Find the word "point" in the data. Return every line where it appears.

((

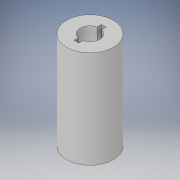
# Autodesk Inventor part: BlenderRoll
Saved by Autodesk Inventor 2019 (Build 230136000, 136)
## iProperties
Created: 2018-06-05
Part Number: BlenderRoll
Material: Ogólny
Document SubType Name: Modeling
Designer: Kamil
Density: 1 g/cm^3
Appearance: Domyślna
Author: Kamil
Autodesk Inventor part; units mm, degrees
ref_plane "YZ Plane" through (0, 0, 0) normal (1, 0, 0) x (0, 1, 0)
ref_plane "XZ Plane" through (0, 0, 0) normal (0, 1, 0) x (-1, 0, 0)
ref_plane "XY Plane" through (0, 0, 0) normal (0, 0, 1) x (1, 0, 0)
sketch "Szkic1" plane through (0, 0, 0) normal (0, 1, 0) x (-1, 0, 0)
  circle A0 centre (2.6768, 3.8124) radius 6
  circle A1 centre (2.6768, 3.8124) radius 2.25
  point P0 (0, 0)
  dimension "d1" = 12
  dimension "d2" = 4.5
  constraints: 2 centre point, 1 coincident
  measures "d1" diameter of A0
  measures "d2" diameter of A1
extrude "Wyciągnięcie proste1" add sketch "Szkic1" along normal blind 12
sketch "Szkic2" plane through (-2.6768, 12, 3.8124) normal (0, 1, 0) x (1, 0, 0)
  point P0 (2.6768, 3.8124)
sketch "Szkic3" plane through (-2.6768, 12, 3.8124) normal (0, 1, 0) x (1, 0, 0)
  point P0 (2.6768, 3.8124)
sketch "Szkic4" plane through (-2.6768, 12, 3.8124) normal (0, 1, 0) x (1, 0, 0)
  circle A0 centre (0, 0) radius 6
  point P0 (2.6768, 3.8124)
  dimension "d5" = 12
  constraints: 1 centre point
  measures "d5" diameter of A0
extrude "Wyciągnięcie proste2" add sketch "Szkic4" along normal blind 5
sketch "Szkic5" plane through (-2.6768, 17, 3.8124) normal (0, 1, 0) x (1, 0, 0)
  circle A0 centre (0, 0) radius 6
  arc A1 (-0.6, 2.4269) -> (-0.6, -2.4269) centre (0, 0) ccw
  line L0 (-0.6, 3.5) -> (0.6, 3.5)
  line L1 (0.6, 3.5) -> (0.6, 2.4269)
  line L2 (-0.6, -3.5) -> (0.6, -3.5)
  line L3 (0.6, -3.5) -> (0.6, -2.4269)
  line L4 (-0.6, 2.4269) -> (-0.6, 3.5)
  arc A2 (0.6, -2.4269) -> (0.6, 2.4269) centre (0, 0) ccw
  line L5 (-0.6, -2.4269) -> (-0.6, -3.5)
  dimension "d8" = 12
  dimension "d10" = 1.2
  dimension "d12" = 1.2
  constraints: 12 end point, 5 point on circle, 3 centre point, 2 parallel, 1 coincident
  measures "d8" diameter of A0
  measures "d10" distance of L0.start L0.end
  measures "d12" distance of L2.end L2.start
extrude "Wyciągnięcie proste3" add sketch "Szkic5" along normal blind 8

))

**SOLUTION TO THIS PROBLEM:**
  point P0 (0, 0)
  constraints: 2 centre point, 1 coincident
  point P0 (2.6768, 3.8124)
  point P0 (2.6768, 3.8124)
  point P0 (2.6768, 3.8124)
  constraints: 1 centre point
  constraints: 12 end point, 5 point on circle, 3 centre point, 2 parallel, 1 coincident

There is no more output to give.